Marktanteil und Profit können korrelieren, müssen aber nicht. Eine nutzenbasierte Gestaltung von Produkt- und Serviceangeboten ist der Schlüssel zu hoher Profitabilität. Dafür braucht es Leadership im Verständnis und in der Erfüllung der Kundenbedürfnisse sowie natürlich auch effiziente Geschäftsprozesse.

7. Preismanagement heißt Preise anpassen

Einmal jährlich alle  Preise um X% anzupassen, reicht nicht für ein effektives Preismanagement. Dafür muss vielmehr eine laufende Verbesserung im Verständnis der Kundenbedürfnisse, in der Kundenkommunikation sowie der Prozesse, Systeme und organisatorischen Fähigkeiten betrieben werden, um spezifische Preisanpassungen bei bestimmten Kunden bzw. -gruppen selektiv vornehmen zu können.

8. Preismanagement ist Vertriebssache

Das Gegenteil ist der Fall! Preismanagement ist eine cross-funktionale Aufgabe, bei der vor allem Marketing, Produktmanagement, Anwendungstechnik, Controlling, Produktion und – als maßgebliche Serviceleister – natürlich auch die Logistik und After-Sales Service beteiligt sein sollten.
Der Bedeutung für das Unternehmensergebnis nach, hat das Preismanagement jedenfalls höchste  Aufmerksamkeit seitens des BU-/Top-Managements verdient.

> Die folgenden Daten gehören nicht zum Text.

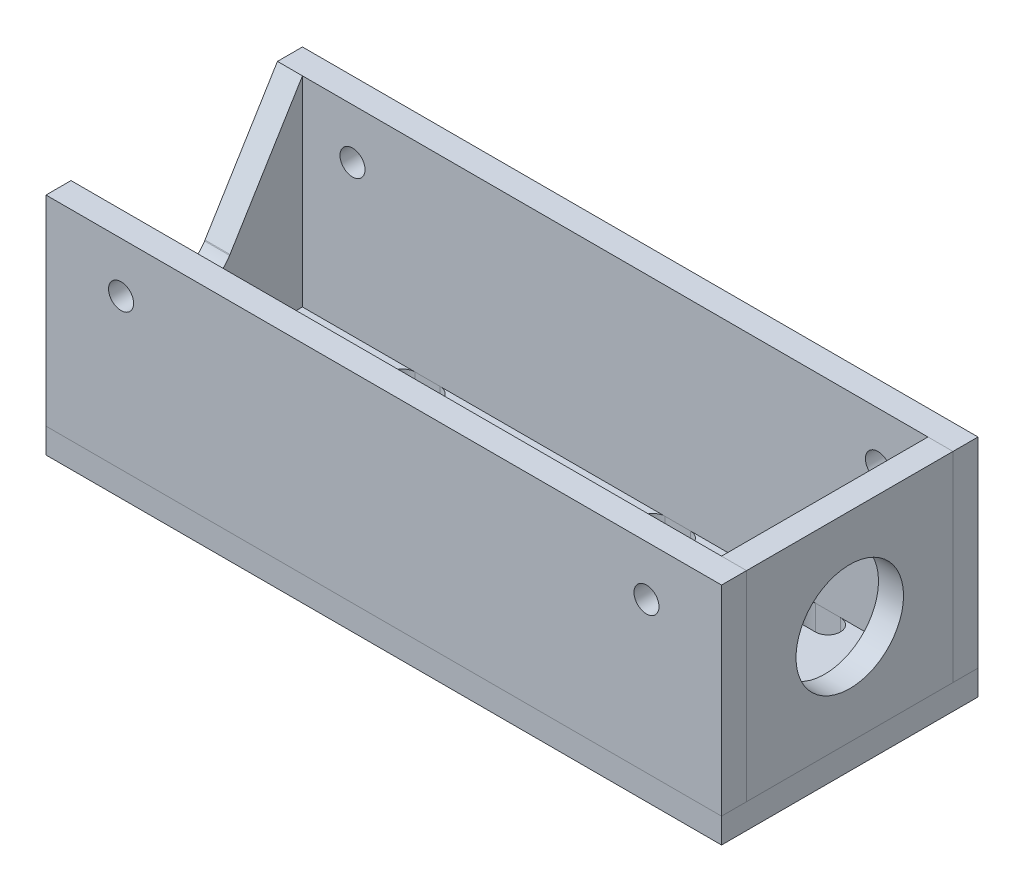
from build123d import *

# Parameters (mm, degrees)
BOSS_EXTRUDE1_DEPTH   = 6.35
SKETCH2_W             = 171.45
SKETCH2_H             = 6.35
BOSS_EXTRUDE2_DEPTH   = 50.8
BOSS_EXTRUDE2_2_DEPTH = 50.8
SKETCH3_W             = 6.35
SKETCH3_H             = 52.3875
BOSS_EXTRUDE3_DEPTH   = 50.8
BOSS_EXTRUDE3_2_DEPTH = 50.8
SKETCH4_R             = 9.095704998
CUT_EXTRUDE1_DEPTH    = 6.35
SKETCH5_R             = 13.643557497
CUT_EXTRUDE2_DEPTH    = 6.35
SKETCH6_R             = 3.175
CUT_EXTRUDE3_DEPTH    = 6.35
SKETCH7_R             = 3.175
CUT_EXTRUDE4_DEPTH    = 6.35
CUT_EXTRUDE5_DEPTH    = 6.35
CUT_EXTRUDE6_DEPTH    = 6.35


with BuildPart() as part:
    # Sketch1 → Boss-Extrude1 (new body)
    with BuildSketch(Plane(origin=(0, 0, 0), x_dir=(1, 0, 0), z_dir=(0, 1, 0))):
        Polygon((-6.35, 52.3875), (-6.35, 0), (-6.35, -6.35), (165.1, -6.35), (165.1, 0), (165.1, 52.3875), (165.1, 58.7375), (-6.35, 58.7375), align=None)
    extrude(amount=BOSS_EXTRUDE1_DEPTH)

    # Sketch9 → Cut-Extrude6 (cut)
    with BuildSketch(Plane(origin=(0, 6.35, 0), x_dir=(1, 0, 0), z_dir=(0, 1, 0))):
        with BuildLine():
            Line((136.525, 0), (130.175, 0))
            ThreePointArc((130.175, 0), (127, 3.175), (130.175, 6.35))
            Line((130.175, 6.35), (136.525, 6.35))
            ThreePointArc((136.525, 6.35), (139.7, 3.175), (136.525, 0))
        make_face()
        with BuildLine():
            Line((98.425, 0), (92.075, 0))
            ThreePointArc((92.075, 0), (88.9, 3.175), (92.075, 6.35))
            Line((92.075, 6.35), (98.425, 6.35))
            ThreePointArc((98.425, 6.35), (101.6, 3.175), (98.425, 0))
        make_face()
        with BuildLine():
            Line((34.925, 0), (28.575, 0))
            ThreePointArc((28.575, 0), (25.4, 3.175), (28.575, 6.35))
            Line((28.575, 6.35), (34.925, 6.35))
            ThreePointArc((34.925, 6.35), (38.1, 3.175), (34.925, 0))
        make_face()
        with BuildLine():
            Line((136.525, 52.3875), (130.175, 52.3875))
            ThreePointArc((130.175, 52.3875), (127, 49.2125), (130.175, 46.0375))
            Line((130.175, 46.0375), (136.525, 46.0375))
            ThreePointArc((136.525, 46.0375), (139.7, 49.2125), (136.525, 52.3875))
        make_face()
        with BuildLine():
            Line((98.425, 52.3875), (92.075, 52.3875))
            ThreePointArc((92.075, 52.3875), (88.9, 49.2125), (92.075, 46.0375))
            Line((92.075, 46.0375), (98.425, 46.0375))
            ThreePointArc((98.425, 46.0375), (101.6, 49.2125), (98.425, 52.3875))
        make_face()
        with BuildLine():
            Line((34.925, 52.3875), (28.575, 52.3875))
            ThreePointArc((28.575, 52.3875), (25.4, 49.2125), (28.575, 46.0375))
            Line((28.575, 46.0375), (34.925, 46.0375))
            ThreePointArc((34.925, 46.0375), (38.1, 49.2125), (34.925, 52.3875))
        make_face()
    extrude(amount=-CUT_EXTRUDE6_DEPTH, mode=Mode.SUBTRACT)


with BuildPart() as body_2:
    # Sketch2 → Boss-Extrude2 (new body)
    with BuildSketch(Plane(origin=(0, 6.35, 0), x_dir=(1, 0, 0), z_dir=(0, 1, 0))):
        with Locations((79.375, 55.5625)):
            Rectangle(SKETCH2_W, SKETCH2_H)
    extrude(amount=BOSS_EXTRUDE2_DEPTH)

    # Sketch7 → Cut-Extrude4 (cut)
    with BuildSketch(Plane(origin=(0, 0, -58.7375), x_dir=(-1, 0, 0), z_dir=(0, 0, -1))):
        with Locations(Location((-12.7, 44.45, 0), (0, 0, 180))):
            Circle(SKETCH7_R)
        with Locations(Location((-146.05, 44.45, 0), (0, 0, 180))):
            Circle(SKETCH7_R)
    extrude(amount=-CUT_EXTRUDE4_DEPTH, mode=Mode.SUBTRACT)


with BuildPart() as body_3:
    # Sketch2 → Boss-Extrude2 2 (new body)
    with BuildSketch(Plane(origin=(0, 6.35, 0), x_dir=(1, 0, 0), z_dir=(0, 1, 0))):
        with Locations((79.375, -3.175)):
            Rectangle(SKETCH2_W, SKETCH2_H)
    extrude(amount=BOSS_EXTRUDE2_2_DEPTH)

    # Sketch6 → Cut-Extrude3 (cut)
    with BuildSketch(Plane.XY.offset(6.35)):
        with Locations((12.7, 44.45)):
            Circle(SKETCH6_R)
        with Locations((146.05, 44.45)):
            Circle(SKETCH6_R)
    extrude(amount=-CUT_EXTRUDE3_DEPTH, mode=Mode.SUBTRACT)


with BuildPart() as body_4:
    # Sketch3 → Boss-Extrude3 (new body)
    with BuildSketch(Plane(origin=(0, 6.35, 0), x_dir=(1, 0, 0), z_dir=(0, 1, 0))):
        with Locations((-3.175, 26.19375)):
            Rectangle(SKETCH3_W, SKETCH3_H)
    extrude(amount=BOSS_EXTRUDE3_DEPTH)

    # Sketch4 → Cut-Extrude1 (cut)
    with BuildSketch(Plane.ZY.offset(6.35)):
        with Locations((-26.19375, 31.75)):
            Circle(SKETCH4_R)
    extrude(amount=-CUT_EXTRUDE1_DEPTH, mode=Mode.SUBTRACT)

    # Sketch8 → Cut-Extrude5 (cut)
    with BuildSketch(Plane.ZY.offset(6.35)):
        with BuildLine():
            Line((-52.3875, 57.15), (0, 57.15))
            Line((0, 57.15), (-18.596297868, 26.748943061))
            ThreePointArc((-18.596297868, 26.748943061), (-26.297828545, 22.602301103), (-33.903020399, 26.923096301))
            Line((-33.903020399, 26.923096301), (-52.3875, 57.15))
        make_face()
    extrude(amount=-CUT_EXTRUDE5_DEPTH, mode=Mode.SUBTRACT)


with BuildPart() as body_5:
    # Sketch3 → Boss-Extrude3 2 (new body)
    with BuildSketch(Plane(origin=(0, 6.35, 0), x_dir=(1, 0, 0), z_dir=(0, 1, 0))):
        with Locations((161.925, 26.19375)):
            Rectangle(SKETCH3_W, SKETCH3_H)
    extrude(amount=BOSS_EXTRUDE3_2_DEPTH)

    # Sketch5 → Cut-Extrude2 (cut)
    with BuildSketch(Plane(origin=(165.1, 0, 0), x_dir=(0, 0, -1), z_dir=(1, 0, 0))):
        with Locations((26.19375, 31.75)):
            Circle(SKETCH5_R)
    extrude(amount=-CUT_EXTRUDE2_DEPTH, mode=Mode.SUBTRACT)


solid = Compound([part.part, body_2.part, body_3.part, body_4.part, body_5.part])
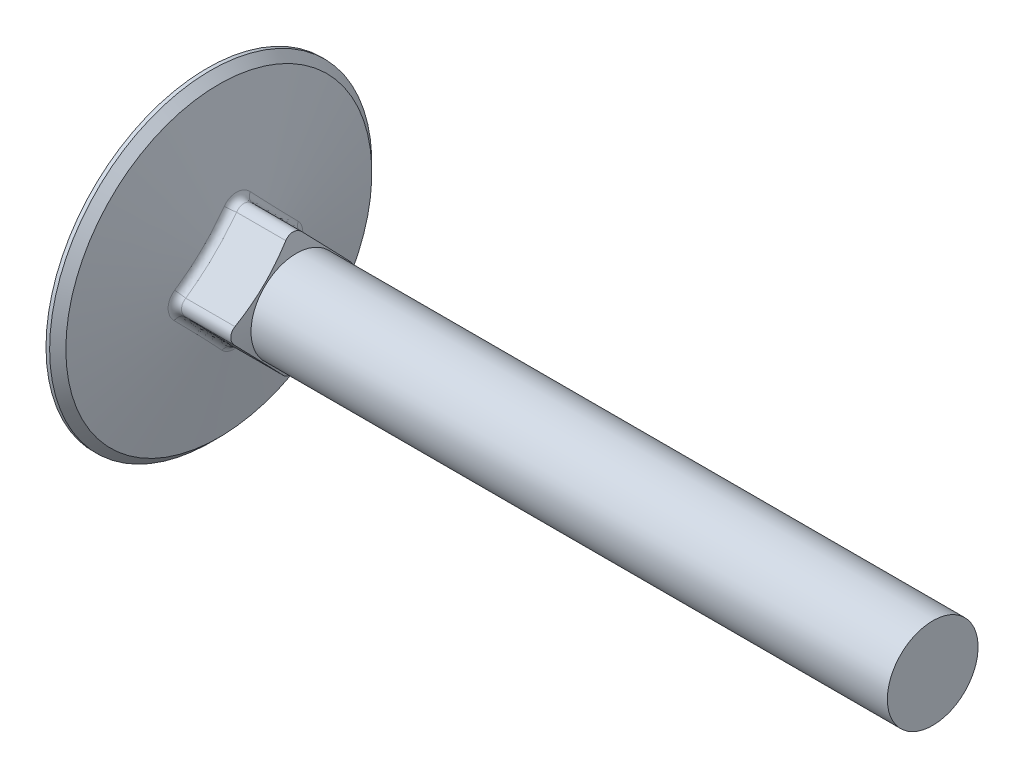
ISO-10303-21;
HEADER;
FILE_DESCRIPTION(('STEP AP214'),'2;1');
FILE_NAME('part.step','',(''),(''),'','','');
FILE_SCHEMA(('AUTOMOTIVE_DESIGN { 1 0 10303 214 1 1 1 1 }'));
ENDSEC;
DATA;
#1=APPLICATION_CONTEXT('core data for automotive mechanical design processes');
#2=APPLICATION_PROTOCOL_DEFINITION('international standard','automotive_design',2000,#1);
#3=PRODUCT_CONTEXT('',#1,'mechanical');
#4=PRODUCT('Part','Part','',(#3));
#5=PRODUCT_RELATED_PRODUCT_CATEGORY('part','',(#4));
#6=PRODUCT_DEFINITION_FORMATION('','',#4);
#7=PRODUCT_DEFINITION_CONTEXT('part definition',#1,'design');
#8=PRODUCT_DEFINITION('design','',#6,#7);
#9=PRODUCT_DEFINITION_SHAPE('','',#8);
#10=(LENGTH_UNIT() NAMED_UNIT(*) SI_UNIT(.MILLI.,.METRE.));
#11=(NAMED_UNIT(*) PLANE_ANGLE_UNIT() SI_UNIT($,.RADIAN.));
#12=(NAMED_UNIT(*) SI_UNIT($,.STERADIAN.) SOLID_ANGLE_UNIT());
#13=UNCERTAINTY_MEASURE_WITH_UNIT(LENGTH_MEASURE(1.E-05),#10,'distance_accuracy_value','');
#14=(GEOMETRIC_REPRESENTATION_CONTEXT(3) GLOBAL_UNCERTAINTY_ASSIGNED_CONTEXT((#13)) GLOBAL_UNIT_ASSIGNED_CONTEXT((#10,
#11,#12)) REPRESENTATION_CONTEXT('',''));
#15=CARTESIAN_POINT('',(0.,0.,0.));
#16=DIRECTION('',(0.,0.,1.));
#17=DIRECTION('',(1.,0.,0.));
#18=AXIS2_PLACEMENT_3D('',#15,#16,#17);
#19=CARTESIAN_POINT('',(9.3726,5.243670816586,-0.0915286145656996));
#20=DIRECTION('',(-1.,0.,0.));
#21=DIRECTION('',(0.,0.,1.));
#22=AXIS2_PLACEMENT_3D('',#19,#20,#21);
#23=CYLINDRICAL_SURFACE('',#22,1.1938);
#24=DIRECTION('',(-1.,0.,0.));
#25=VECTOR('',#24,1.);
#26=CARTESIAN_POINT('',(9.3726,6.07295397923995,-0.950276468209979));
#27=LINE('',#26,#25);
#28=CARTESIAN_POINT('',(9.00166387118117,6.07295397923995,-0.950276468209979));
#29=VERTEX_POINT('',#28);
#30=CARTESIAN_POINT('',(3.8367498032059,6.07295397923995,-0.950276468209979));
#31=VERTEX_POINT('',#30);
#32=EDGE_CURVE('E138',#29,#31,#27,.T.);
#33=ORIENTED_EDGE('',*,*,#32,.T.);
#34=CARTESIAN_POINT('',(3.14842317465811,5.98515884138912,1.64060891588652));
#35=CARTESIAN_POINT('',(3.23579340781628,5.68907704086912,1.02050014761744));
#36=CARTESIAN_POINT('',(3.9213564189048,5.7777751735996,0.976128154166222));
#37=CARTESIAN_POINT('',(3.13225878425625,6.08462851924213,1.59242887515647));
#38=CARTESIAN_POINT('',(3.22351509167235,5.75566724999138,0.993537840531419));
#39=CARTESIAN_POINT('',(3.90519202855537,5.83799349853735,0.946071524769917));
#40=CARTESIAN_POINT('',(3.11705833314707,6.17990989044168,1.53566783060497));
#41=CARTESIAN_POINT('',(3.21181574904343,5.82014632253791,0.96025192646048));
#42=CARTESIAN_POINT('',(3.88999157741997,5.895684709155,0.910782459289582));
#43=CARTESIAN_POINT('',(3.08879086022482,6.35947602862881,1.40692391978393));
#44=CARTESIAN_POINT('',(3.18991995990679,5.9422355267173,0.882518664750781));
#45=CARTESIAN_POINT('',(3.86172410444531,6.00441866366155,0.830929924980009));
#46=CARTESIAN_POINT('',(3.07572284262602,6.44376592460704,1.33494819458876));
#47=CARTESIAN_POINT('',(3.17970650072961,5.99993272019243,0.838096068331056));
#48=CARTESIAN_POINT('',(3.84865608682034,6.05546450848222,0.786370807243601));
#49=CARTESIAN_POINT('',(3.05209182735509,6.59764489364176,1.17886555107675));
#50=CARTESIAN_POINT('',(3.1611574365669,6.10562199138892,0.740113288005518));
#51=CARTESIAN_POINT('',(3.82502507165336,6.14865685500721,0.689879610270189));
#52=CARTESIAN_POINT('',(3.04149367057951,6.66743853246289,1.09496034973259));
#53=CARTESIAN_POINT('',(3.15278217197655,6.15382132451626,0.686702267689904));
#54=CARTESIAN_POINT('',(3.81442691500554,6.19092718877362,0.638070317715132));
#55=CARTESIAN_POINT('',(3.0226976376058,6.79186343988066,0.916606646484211));
#56=CARTESIAN_POINT('',(3.13788633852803,6.23994437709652,0.572024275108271));
#57=CARTESIAN_POINT('',(3.79563088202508,6.26628421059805,0.528037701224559));
#58=CARTESIAN_POINT('',(3.01449896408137,6.84649974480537,0.822161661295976));
#59=CARTESIAN_POINT('',(3.13135371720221,6.2779363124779,0.510737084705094));
#60=CARTESIAN_POINT('',(3.78743220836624,6.29937394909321,0.469816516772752));
#61=CARTESIAN_POINT('',(3.00060746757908,6.93902598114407,0.625331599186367));
#62=CARTESIAN_POINT('',(3.12026797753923,6.34236670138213,0.382236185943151));
#63=CARTESIAN_POINT('',(3.77354071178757,6.35540715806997,0.348545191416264));
#64=CARTESIAN_POINT('',(2.99491579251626,6.97690824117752,0.522942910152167));
#65=CARTESIAN_POINT('',(3.11570708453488,6.36885042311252,0.314980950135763));
#66=CARTESIAN_POINT('',(3.76784903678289,6.37834598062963,0.285492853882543));
#67=CARTESIAN_POINT('',(2.98612159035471,7.03474620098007,0.313215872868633));
#68=CARTESIAN_POINT('',(3.10865702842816,6.40932454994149,0.176779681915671));
#69=CARTESIAN_POINT('',(3.75905483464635,6.41336057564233,0.156378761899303));
#70=CARTESIAN_POINT('',(2.98301898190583,7.05470246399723,0.205877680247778));
#71=CARTESIAN_POINT('',(3.10616221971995,6.42334818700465,0.105783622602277));
#72=CARTESIAN_POINT('',(3.75595222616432,6.42543668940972,0.0903171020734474));
#73=CARTESIAN_POINT('',(2.97945399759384,7.07602848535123,-0.010097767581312));
#74=CARTESIAN_POINT('',(3.10329736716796,6.43838758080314,-0.0371978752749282));
#75=CARTESIAN_POINT('',(3.75238724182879,6.43832526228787,-0.0425923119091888));
#76=CARTESIAN_POINT('',(2.97897868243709,7.07748937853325,-0.118726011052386));
#77=CARTESIAN_POINT('',(3.10291465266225,6.43947995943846,-0.109232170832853));
#78=CARTESIAN_POINT('',(3.75191192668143,6.43919295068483,-0.109434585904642));
#79=CARTESIAN_POINT('',(2.9806394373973,7.06201724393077,-0.334672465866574));
#80=CARTESIAN_POINT('',(3.10424972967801,6.4288037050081,-0.252273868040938));
#81=CARTESIAN_POINT('',(3.75357268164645,6.42978126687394,-0.242323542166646));
#82=CARTESIAN_POINT('',(2.98277580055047,7.04508215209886,-0.441990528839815));
#83=CARTESIAN_POINT('',(3.10596881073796,6.41702618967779,-0.323337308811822));
#84=CARTESIAN_POINT('',(3.75570904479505,6.41950064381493,-0.308370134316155));
#85=CARTESIAN_POINT('',(2.98962805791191,6.99334919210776,-0.652051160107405));
#86=CARTESIAN_POINT('',(3.11146827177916,6.38105588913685,-0.461999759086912));
#87=CARTESIAN_POINT('',(3.76256130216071,6.38811491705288,-0.437681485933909));
#88=CARTESIAN_POINT('',(2.99433974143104,6.95858048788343,-0.754800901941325));
#89=CARTESIAN_POINT('',(3.11524960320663,6.35685624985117,-0.529655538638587));
#90=CARTESIAN_POINT('',(3.7672729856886,6.36702748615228,-0.50095060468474));
#91=CARTESIAN_POINT('',(3.00626297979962,6.87232668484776,-0.952845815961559));
#92=CARTESIAN_POINT('',(3.12478323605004,6.29697481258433,-0.659363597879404));
#93=CARTESIAN_POINT('',(3.77919622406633,6.31472433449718,-0.622956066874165));
#94=CARTESIAN_POINT('',(3.01347234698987,6.82085621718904,-1.04814742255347));
#95=CARTESIAN_POINT('',(3.13054118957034,6.26125837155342,-0.72146178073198));
#96=CARTESIAN_POINT('',(3.78640559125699,6.28351747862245,-0.681696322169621));
#97=CARTESIAN_POINT('',(3.03359867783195,6.6794949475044,-1.26402165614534));
#98=CARTESIAN_POINT('',(3.14654704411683,6.16347814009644,-0.861032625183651));
#99=CARTESIAN_POINT('',(3.80653192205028,6.19781992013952,-0.81485180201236));
#100=CARTESIAN_POINT('',(3.04764493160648,6.58244662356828,-1.38002105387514));
#101=CARTESIAN_POINT('',(3.15768302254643,6.0964979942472,-0.935063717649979));
#102=CARTESIAN_POINT('',(3.8205781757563,6.13899370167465,-0.886486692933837));
#103=CARTESIAN_POINT('',(3.07571043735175,6.39333643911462,-1.55896777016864));
#104=CARTESIAN_POINT('',(3.17969644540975,5.96708776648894,-1.0469518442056));
#105=CARTESIAN_POINT('',(3.84864368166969,6.02438320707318,-0.997192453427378));
#106=CARTESIAN_POINT('',(3.08875399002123,6.30674619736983,-1.6278318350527));
#107=CARTESIAN_POINT('',(3.1898909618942,5.90798417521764,-1.08925528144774));
#108=CARTESIAN_POINT('',(3.86168723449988,5.97191044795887,-1.03986479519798));
#109=CARTESIAN_POINT('',(3.11700926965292,6.12286532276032,-1.75021371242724));
#110=CARTESIAN_POINT('',(3.21177812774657,5.78330001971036,-1.16267083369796));
#111=CARTESIAN_POINT('',(3.88994251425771,5.86049765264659,-1.11586324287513));
#112=CARTESIAN_POINT('',(3.13222843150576,6.02553826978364,-1.80367692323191));
#113=CARTESIAN_POINT('',(3.2234921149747,5.7176149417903,-1.19372020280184));
#114=CARTESIAN_POINT('',(3.90516167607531,5.80153560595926,-1.14915608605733));
#115=CARTESIAN_POINT('',(3.14842317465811,5.92425641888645,-1.84848853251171));
#116=CARTESIAN_POINT('',(3.23579340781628,5.64999646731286,-1.21842441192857));
#117=CARTESIAN_POINT('',(3.9213564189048,5.74018912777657,-1.17717496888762));
#118=(BOUNDED_SURFACE() B_SPLINE_SURFACE(3,2,((#34,#35,#36),(#37,#38,#39),(#40,#41,#42),(#43,
#44,#45),(#46,#47,#48),(#49,#50,#51),(#52,#53,#54),(#55,#56,#57),(#58,#59,#60),(#61,#62,#63),
(#64,#65,#66),(#67,#68,#69),(#70,#71,#72),(#73,#74,#75),(#76,#77,#78),(#79,#80,#81),(#82,#83,
#84),(#85,#86,#87),(#88,#89,#90),(#91,#92,#93),(#94,#95,#96),(#97,#98,#99),(#100,#101,#102),
(#103,#104,#105),(#106,#107,#108),(#109,#110,#111),(#112,#113,#114),(#115,#116,#117)),
.UNSPECIFIED.,.F.,.F.,.F.) B_SPLINE_SURFACE_WITH_KNOTS((4,2,2,2,2,2,2,2,2,2,2,2,2,4),(3,3),(0.,
0.338160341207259,0.67616231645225,1.00901029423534,1.34174754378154,1.67463699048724,
2.00751597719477,2.33875408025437,2.6700293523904,3.00076459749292,3.33121088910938,
3.79008253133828,4.12757259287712,4.46624485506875),(0.,1.),
.UNSPECIFIED.) GEOMETRIC_REPRESENTATION_ITEM() RATIONAL_B_SPLINE_SURFACE(((1.,0.750813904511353,
1.),(1.,0.752924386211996,1.),(1.,0.754871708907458,1.),(1.,0.758442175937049,1.),(1.,
0.760065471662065,1.),(1.,0.76296968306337,1.),(1.,0.764255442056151,1.),(1.,0.766517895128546,
1.),(1.,0.767494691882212,1.),(1.,0.769141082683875,1.),(1.,0.769810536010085,1.),(1.,
0.770842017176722,1.),(1.,0.771204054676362,1.),(1.,0.771619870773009,1.),(1.,0.771675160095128,
1.),(1.,0.771481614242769,1.),(1.,0.771232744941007,1.),(1.,0.770431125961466,1.),(1.,
0.769878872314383,1.),(1.,0.768472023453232,1.),(1.,0.767617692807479,1.),(1.,0.765210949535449,
1.),(1.,0.763516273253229,1.),(1.,0.76006694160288,1.),(1.,0.758446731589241,1.),(1.,
0.754878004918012,1.),(1.,0.752928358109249,1.),(1.,0.750813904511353,1.))) REPRESENTATION_ITEM('') SURFACE());
#119=CARTESIAN_POINT('',(3.9213564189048,5.74018912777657,-1.17717496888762));
#120=CARTESIAN_POINT('',(3.90516167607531,5.80153560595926,-1.14915608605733));
#121=CARTESIAN_POINT('',(3.88994251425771,5.86049765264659,-1.11586324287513));
#122=CARTESIAN_POINT('',(3.86168723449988,5.97191044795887,-1.03986479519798));
#123=CARTESIAN_POINT('',(3.84864368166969,6.02438320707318,-0.997192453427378));
#124=CARTESIAN_POINT('',(3.8205781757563,6.13899370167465,-0.886486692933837));
#125=CARTESIAN_POINT('',(3.80653192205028,6.19781992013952,-0.81485180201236));
#126=CARTESIAN_POINT('',(3.78640559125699,6.28351747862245,-0.681696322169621));
#127=CARTESIAN_POINT('',(3.77919622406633,6.31472433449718,-0.622956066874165));
#128=CARTESIAN_POINT('',(3.7672729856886,6.36702748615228,-0.50095060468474));
#129=CARTESIAN_POINT('',(3.76256130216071,6.38811491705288,-0.437681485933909));
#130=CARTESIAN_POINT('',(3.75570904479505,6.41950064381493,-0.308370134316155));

Diese kommt heute aber oftmals in viel höherem Maße dem Kostenmanagement zu, obwohl der Ergebniseffekt im Preismanagement ein Vielfaches ist.

“Ich kenne keine Industrie, in der der Preisdruck nicht langfristig steigt”, sagt GCI Partner Andreas Frischherz. Das B2B Geschäft, das sich oft durch Überkapazitäten und steigende Preistransparenz auszeichnet, verzeiht Ineffizienzen im Preismanagement immer weniger. Die Antwort darauf kann keinesfalls der Preiskampf und damit die Spirale nach unten sein. Sie liegt vielmehr in einem neuen Wertverständnis in Bezug auf das eigene Produkt-Service-Angebot und in einer differenzierten, kundennutzenorientierten Preispolitik. Wer dabei auf empirische Fakten statt Mythen vertraut, kann mit dem Preis als wichtigsten Hebel signifikante Verbesserungen im operativen Ergebnis erzielen. Ganz ohne Einsparungen.